Le piste da sci restano chiuse almeno fino al 5 marzo. Lo ha deciso il ministro della Salute Speranza sentito il Cts che giudica la riapertura troppo rischiosa.
Una presa di posizione non condivisa dal ministro al Turismo Massimo Garavaglia, che chiede indennizzi adeguati per la montagna. Nell'ordinanza del ministro Speranza sullo sci "è mancato il rispetto per i lavoratori della montagna. Per l'Italia serve un modello buono, come quello del Veneto", ha dichiarato. "Non entro nel merito del metodo - ha spiegato- ma non può funzionare così". Il ministro chiede incentivi per chi lavora in montagna e che si parli "non di turismo, ma di industria del turismo". "La montagna è stata dimenticata, non è arrivato nulla se non qualche briciola", ha detto il ministro. "Per ripartire - ha aggiunto - servono due cose fondamentali: finalmente programmazione, non si può sapere il giorno prima cosa si fa il giorno dopo, e poi lavorare per mantenere la competitività del nostro sistema montagna. Quindi bisogna usare i soldi del Recovery per fare investimenti mirati, per ripartire alla grande come la nostra montagna sa fare".

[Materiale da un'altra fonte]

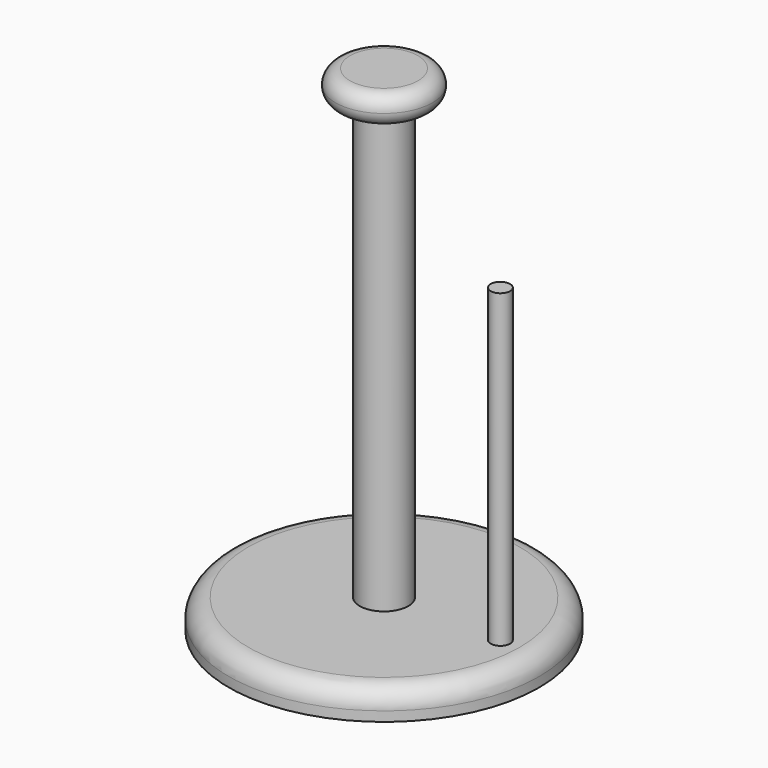
from build123d import *

# Parameters (mm, degrees)
F0_R      = 101.6
F1_DEPTH  = 19.05
F2_R      = 12.7
F3_R      = 15.875
F4_DEPTH  = 285.75
F3_R_2    = 6.35
F5_DEPTH  = 203.2
F6_R      = 31.75
F7_DEPTH  = 19.05
F8_R      = 9.52499
F9_D      = 6.7564
F9_DEPTH  = 25.4
F9_TIP    = 2.0298273432
F10_D     = 6.7564
F10_DEPTH = 12.7
F10_TIP   = 2.0298273432


# Not quite as in the source:
# - a fillet or chamfer is up to 0.001 mm smaller than in the source, because OpenCascade refuses the exact size


with BuildPart() as f1:
    # F0 (on Top) → F1 (new body)
    with BuildSketch(Plane.XY):
        Circle(F0_R)
    extrude(amount=F1_DEPTH)

    # F2
    f2_edges = [f1.edges().sort_by_distance(p)[0] for p in [
        (-101.6, 0, 19.05),
    ]]
    fillet(f2_edges, radius=F2_R)


with BuildPart() as f4:
    # F3 (on face) → F4 (new body)
    with BuildSketch(Plane.XY.offset(19.05)):
        Circle(F3_R)
    extrude(amount=F4_DEPTH)

    # F9
    with Locations(Plane.XY.offset(304.8)):
        with Locations((0, 0)):
            Hole(F9_D / 2, depth=F9_DEPTH)
            with Locations((0, 0, -(F9_DEPTH + F9_TIP / 2))):  # 118° drill point
                Cone(0, F9_D / 2, F9_TIP, mode=Mode.SUBTRACT)


with BuildPart() as f5:
    # F3 (on face) → F5 (new body)
    with BuildSketch(Plane.XY.offset(19.05)):
        with Locations((76.2, 0)):
            Circle(F3_R_2)
    extrude(amount=F5_DEPTH)


with BuildPart() as f7:
    # F6 (on face) → F7 (new body)
    with BuildSketch(Plane.XY.offset(304.8)):
        Circle(F6_R)
    extrude(amount=F7_DEPTH)

    # F8 (radius 9.525 in the source; OpenCascade refuses exactly that, so slightly less here)
    f8_edges = [f7.edges().sort_by_distance(p)[0] for p in [
        (-31.75, 0, 323.85),
        (-31.75, 0, 304.8),
    ]]
    fillet(f8_edges, radius=F8_R)

    # F10
    with Locations(Plane(origin=(0, 0, 304.8), x_dir=(1, 0, 0), z_dir=(0, 0, -1))):
        with Locations((0, 0)):
            Hole(F10_D / 2, depth=F10_DEPTH)
            with Locations((0, 0, -(F10_DEPTH + F10_TIP / 2))):  # 118° drill point
                Cone(0, F10_D / 2, F10_TIP, mode=Mode.SUBTRACT)


solid = Compound([f1.part, f4.part, f5.part, f7.part])
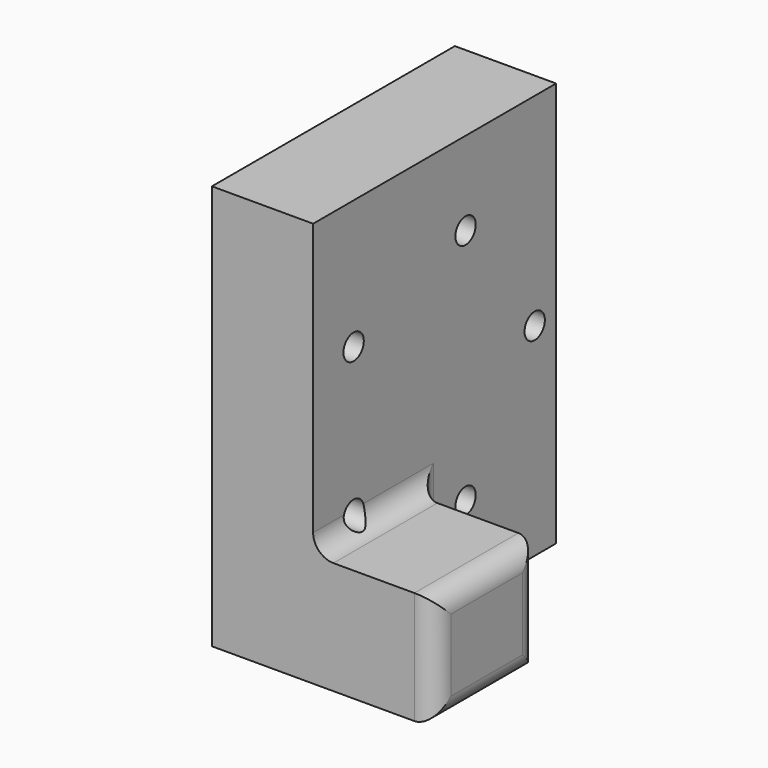
from build123d import *

# Parameters (mm, degrees)
F0_W         = 76.2
F0_H         = 101.6
F1_DEPTH     = 25.4
F3_D         = 6.3754
F4_W         = 32.6189571008
F4_H         = 28.2830937386
F5_DEPTH     = 30.48
F6_T1_DEPTH  = 28.2830937386
F6_T6_DEPTH  = 32.6189571008
F6_S7_R      = 3.1877
F6_T8_DEPTH  = 18
F6_T13_DEPTH = 40.9830937386
F6_T17_DEPTH = 45.3189571008
F6_T20_DEPTH = 53.6830937386
F6_T22_DEPTH = 58.0189571008


# Not quite as in the source:
# - a fillet or chamfer that OpenCascade refuses, or shapes differently, is made with other operations: its cross-section is extruded or revolved along the edge and cut away or added


with BuildPart() as f1:
    # F0 (on Right) → F1 (new body)
    with BuildSketch(Plane.YZ):
        Rectangle(F0_W, F0_H)
    extrude(amount=F1_DEPTH)

    # F3 (through all)
    with Locations(Plane(origin=(0, 0, 0), x_dir=(0, -1, 0), z_dir=(-1, 0, 0))):
        with Locations((-31.3961266285, 0), (-9.7019366858, 29.8594908165), (25.4, 18.4541802113), (25.4, -18.4541802113), (-9.7019366858, -29.8594908165)):
            Hole(F3_D / 2)

    # F4 (on face) → F5 (join)
    with BuildSketch(Plane.YZ.offset(25.4)):
        with Locations((-21.7905214496, -36.6584531307)):
            Rectangle(F4_W, F4_H)
    extrude(amount=F5_DEPTH)

    # F6: fillet of radius 5.08 on 6 edges, made by hand

    # F6_s2 → F6_t1 (join)
    with BuildSketch(Plane.XY.offset(-50.8)):
        with BuildLine():
            ThreePointArc((25.4, -0.4010428992), (26.8878975516, -3.9931453476), (30.48, -5.4810428992))
            Line((30.48, -5.4810428992), (25.4, -5.4810428992))
            Line((25.4, -5.4810428992), (25.4, -0.4010428992))
        make_face()
    extrude(amount=F6_T1_DEPTH)


with BuildPart() as f6_tool4:
    # F6_s5 → F6_t6 (new body)
    with BuildSketch(Plane.XZ.offset(5.4810428992)):
        with BuildLine():
            ThreePointArc((25.4, -17.4369062614), (26.8878975516, -21.0290087099), (30.48, -22.5169062614))
            Line((30.48, -22.5169062614), (25.4, -22.5169062614))
            Line((25.4, -22.5169062614), (25.4, -17.4369062614))
        make_face()
    extrude(amount=F6_T6_DEPTH)

    # F6_s7 → F6_t8 (cut, symmetric)
    with BuildSketch(Plane.YZ.offset(27.9)):
        with Locations((-25.4, -18.4541802113)):
            Circle(F6_S7_R)
    extrude(amount=F6_T8_DEPTH, both=True, mode=Mode.SUBTRACT)


with BuildPart() as f1_1:
    add(f1.part)

    # F6_t3: union F6_tool4
    add(f6_tool4.part)


with BuildPart() as f6_tool11:
    # F6_s12 → F6_t13 (new body)
    with BuildSketch(Plane.XY.offset(-50.8)):
        with BuildLine():
            ThreePointArc((25.4, -0.4010428992), (26.8878975516, -3.9931453476), (30.48, -5.4810428992))
            Line((30.48, -5.4810428992), (25.4, -5.4810428992))
            Line((25.4, -5.4810428992), (25.4, -0.4010428992))
        make_face()
    extrude(amount=F6_T13_DEPTH)

    split(bisect_by=Plane.XY.offset(-22.5169062614), keep=Keep.TOP)


with BuildPart() as f6_tool15:
    # F6_s16 → F6_t17 (new body)
    with BuildSketch(Plane.XZ.offset(-7.2189571008)):
        with BuildLine():
            ThreePointArc((25.4, -17.4369062614), (26.8878975516, -21.0290087099), (30.48, -22.5169062614))
            Line((30.48, -22.5169062614), (25.4, -22.5169062614))
            Line((25.4, -22.5169062614), (25.4, -17.4369062614))
        make_face()
    extrude(amount=F6_T17_DEPTH)

    split(bisect_by=Plane.XZ.offset(5.4810428992), keep=Keep.BOTTOM)


with BuildPart() as f6_tool11_1:
    add(f6_tool11.part)

    # F6_t19: intersect F6_tool15
    add(f6_tool15.part, mode=Mode.INTERSECT)


with BuildPart() as f1_2:
    add(f1_1.part)

    # F6_t9: union F6_tool11
    add(f6_tool11_1.part)

    # F6_s21 → F6_t20 (cut)
    with BuildSketch(Plane.XY.offset(-63.5)):
        with BuildLine():
            ThreePointArc((50.8, -5.4810428992), (54.3921024484, -6.9689404508), (55.88, -10.5610428992))
            Line((55.88, -10.5610428992), (55.88, -5.4810428992))
            Line((55.88, -5.4810428992), (50.8, -5.4810428992))
        make_face()
        with BuildLine():
            ThreePointArc((55.88, -33.02), (54.3921024484, -36.6121024484), (50.8, -38.1))
            Line((50.8, -38.1), (55.88, -38.1))
            Line((55.88, -38.1), (55.88, -33.02))
        make_face()
    extrude(amount=F6_T20_DEPTH, mode=Mode.SUBTRACT)

    # F6_s23 → F6_t22 (cut)
    with BuildSketch(Plane.XZ.offset(-7.2189571008)):
        with BuildLine():
            ThreePointArc((55.88, -45.72), (54.3921024484, -49.3121024484), (50.8, -50.8))
            Line((50.8, -50.8), (55.88, -50.8))
            Line((55.88, -50.8), (55.88, -45.72))
        make_face()
        with BuildLine():
            ThreePointArc((55.88, -27.5969062614), (54.3921024484, -24.004803813), (50.8, -22.5169062614))
            Line((50.8, -22.5169062614), (55.88, -22.5169062614))
            Line((55.88, -22.5169062614), (55.88, -27.5969062614))
        make_face()
    extrude(amount=F6_T22_DEPTH, mode=Mode.SUBTRACT)


solid = f1_2.part
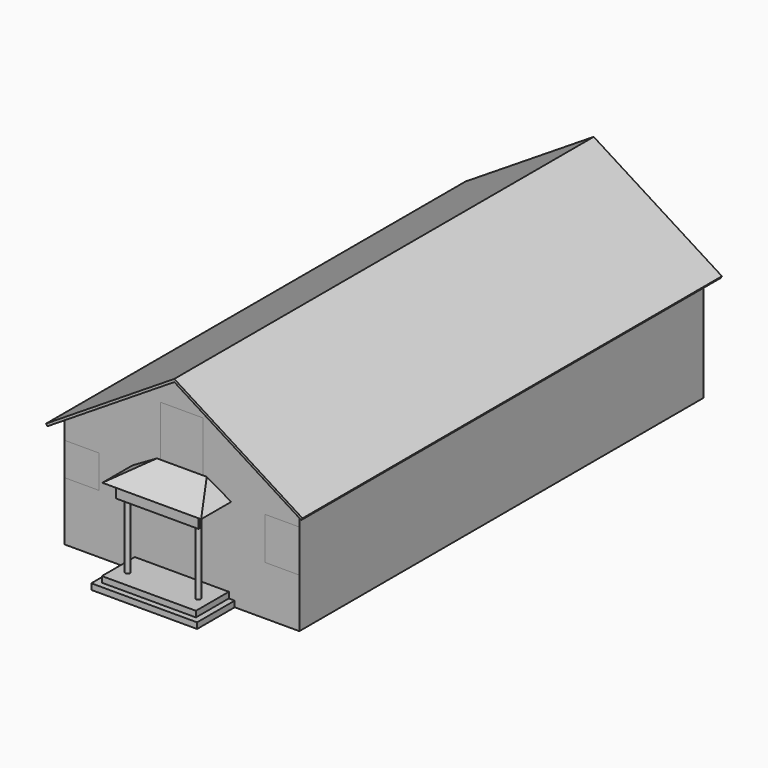
from build123d import *

# Parameters (mm, degrees)
F1_DEPTH  = 10750
F3_DEPTH  = 21500
F5_DEPTH  = 400
F7_DEPTH  = 400
F9_W      = 1800
F9_H      = 2150
F10_DEPTH = 25
F9_W_2    = 1570
F9_H_2    = 1400
F9_W_3    = 1470
F9_H_3    = 1800
F11_R     = 100
F12_DEPTH = 3900
F13_W     = 4200
F13_H     = 1600
F13_R     = 100
F14_DEPTH = 600
F16_DEPTH = 7553.4257402618
F19_DEPTH = 23900.001
F21_DEPTH = 2000
F22_W     = 4000
F22_H     = 250
F23_DEPTH = 250
F24_W     = 3500
F24_H     = 100
F25_DEPTH = 600


with BuildPart() as f1:
    # F0 (on Front) → F1 (new body, symmetric)
    with BuildSketch(Plane.XZ):
        Polygon((0, 7865), (0, 0), (5000, 0), (5000, 4705), align=None)
    extrude(amount=F1_DEPTH, both=True)

    # F2 (on face) → F3 (join)
    with BuildSketch(Plane.XZ.offset(10750)):
        Polygon((5400, 4452.2), (5453.4247402618, 4536.7328168699), (0, 7983.2972527154), (0, 7865), align=None)
    extrude(amount=-F3_DEPTH)

    # F4 (on face) → F5 (join)
    with BuildSketch(Plane.XZ.offset(10750)):
        Polygon((5453.4247402618, 4536.7328168699), (0, 7983.2972527154), (0, 7865), (5000, 4705), (5400, 4452.2), align=None)
    extrude(amount=F5_DEPTH)

    # F6 (on face) → F7 (join)
    with BuildSketch(Plane(origin=(0, 10750, 0), x_dir=(-1, 0, 0), z_dir=(0, 1, 0))):
        Polygon((0, 7865), (0, 7983.2972527154), (-5453.4247402618, 4536.7328168699), (-5400, 4452.2), (-5000, 4705), align=None)
    extrude(amount=F7_DEPTH)

    # F8: F1 across face


with BuildPart() as f1_1:
    add(f1.part)
    add(f1.part.mirror(Plane(origin=(0, 0, 3993.815697783), x_dir=(0, -1, 0), z_dir=(-1, 0, 0))))


with BuildPart() as f10:
    # F9 (on face) → F10 (new body)
    with BuildSketch(Plane.XZ.offset(10750)):
        with Locations((0, 5577)):
            Rectangle(F9_W, F9_H)
    extrude(amount=-F10_DEPTH)


with BuildPart() as f10b:
    # F9 (on face) → F10, piece 2 (new body)
    with BuildSketch(Plane.XZ.offset(10750)):
        with Locations((0, 3200)):
            Rectangle(F9_W_2, F9_H_2)
    extrude(amount=-F10_DEPTH)


with BuildPart() as f10c:
    # F9 (on face) → F10, piece 3 (new body)
    with BuildSketch(Plane.XZ.offset(10750)):
        with Locations((-4265, 3200)):
            Rectangle(F9_W_3, F9_H_2)
    extrude(amount=-F10_DEPTH)


with BuildPart() as f10d:
    # F9 (on face) → F10, piece 4 (new body)
    with BuildSketch(Plane.XZ.offset(10750)):
        with Locations((4265, 3000)):
            Rectangle(F9_W_3, F9_H_3)
    extrude(amount=-F10_DEPTH)


with BuildPart() as f12:
    # F11 (on Top) → F12 (new body)
    with BuildSketch(Plane.XY):
        with Locations((-1500, -11750)):
            Circle(F11_R)
    extrude(amount=F12_DEPTH)


with BuildPart() as f12b:
    # F11 (on Top) → F12, piece 2 (new body)
    with BuildSketch(Plane.XY):
        with Locations((1500, -11750)):
            Circle(F11_R)
    extrude(amount=F12_DEPTH)


with BuildPart() as f14:
    # F13 (on face) → F14 (new body)
    with BuildSketch(Plane.XY.offset(3900)):
        with Locations((0, -11550)):
            Rectangle(F13_W, F13_H)
        with Locations((-1500, -11750)):
            Circle(F13_R, mode=Mode.SUBTRACT)
        with Locations((1500, -11750)):
            Circle(F13_R, mode=Mode.SUBTRACT)
        with Locations((1500, -11750)):
            Circle(F13_R)
        with Locations((-1500, -11750)):
            Circle(F13_R)
    extrude(amount=F14_DEPTH)

    # F15 (on face) → F16 (cut, through all)
    with BuildSketch(Plane.YZ.offset(2100)):
        Polygon((-12350, 4500), (-12350, 3900), (-10750, 4500), align=None)
    extrude(amount=-F16_DEPTH, mode=Mode.SUBTRACT)

    # F18 (on offset) → F19 (cut, through all)
    with BuildSketch(Plane.XZ.offset(12750)):
        Polygon((-2100, 3900), (-1060.7695154587, 4500), (-2100, 4500), align=None)
        Polygon((2100, 3900), (2100, 4500), (1060.7695154587, 4500), align=None)
    extrude(amount=-F19_DEPTH, mode=Mode.SUBTRACT)


with BuildPart() as f21:
    # F20 (on face) → F21 (new body)
    with BuildSketch(Plane.XZ.offset(10750)):
        Polygon((-2250, 250), (-2250, 0), (2250, 0), (2250, 250), (2000, 250), (2000, 500), (-2000, 500), (-2000, 250), align=None)
    extrude(amount=F21_DEPTH)

    # F22 (on face) → F23 (cut)
    with BuildSketch(Plane.XZ.offset(12750)):
        with Locations((0, 375)):
            Rectangle(F22_W, F22_H)
    extrude(amount=-F23_DEPTH, mode=Mode.SUBTRACT)


with BuildPart() as f25:
    # F24 (on face) → F25 (new body)
    with BuildSketch(Plane.XY.offset(3900)):
        with Locations((0, -12000)):
            Rectangle(F24_W, F24_H)
    extrude(amount=-F25_DEPTH)


solid = Compound([f1_1.part, f10.part, f10b.part, f10c.part, f10d.part, f12.part, f12b.part, f14.part, f21.part, f25.part])

Arriva presto la replica di Speranza. "Mai fatto polemiche in questi mesi. E non ne faccio ora. Dico solo che la difesa del diritto alla salute viene prima di tutto", ha detto il ministro. La decisione sugli impianti di sci, confermano fonti di Palazzo Chigi interpellate dall'Ansa, è stata condivisa nel governo. Le stesse fonti rimandano alla nota diffusa dal ministero della salute in cui si ricorda che "il provvedimento tiene conto dei più recenti dati epidemiologici comunicati venerdì 12 febbraio dall'Istituto Superiore di Sanità, attestanti che la variante VOC B.1.1.7, detta variante UK e caratterizzata da maggiore trasmissibilità, rappresenta una percentuale media del 17,8% sul numero totale dei contagi. La preoccupazione per la diffusione di questa e di altre varianti del virus SARS-CoV-2 ha portato all'adozione di misure analoghe in Francia e in Germania". Nella nota della Sanità si ricorda che sono previsti, "al più presto", ristori per il settore.
Secondo la Coldiretti, la chiusura degli impianti anche nell'ultima parte della stagione è destinata ad avere effetti non solo sulle piste da sci ma sull'intera economia che ruota intorno al turismo invernale che ha un valore stimato prima dell'emergenza Covid tra i 10 e i 12 miliardi di euro all'anno tra diretto, indotto e filiera. Lo stop alla ripresa dello sci è una decisione destinata ad avere effetti non solo sulle piste, ma anche sull'intero indotto delle vacanze in montagna, dall'alloggio alla ristorazione, dagli agriturismi ai rifugi fino alle malghe con la produzione dei pregiati formaggi, che dallo stop al turismo sulla neve hanno subito un calo di fatturato fino al 90%.
C'è chi però non accetta lo stop del governo. Nella Piana di Vigezzo, 1.720 metri nel Comune di Craveggia (Vco), i gestori della stazione sciistica hanno deciso di aprire gli impianti. "Ancora venerdì la Regione ci aveva assicurato l'apertura e noi abbiamo predisposto tutto, in sicurezza, per riaprire. Così lo abbiamo fatto", dice Luca Mantovani, titolare della società che gestisce gli impianti nella valle a ridosso del Canton Ticino.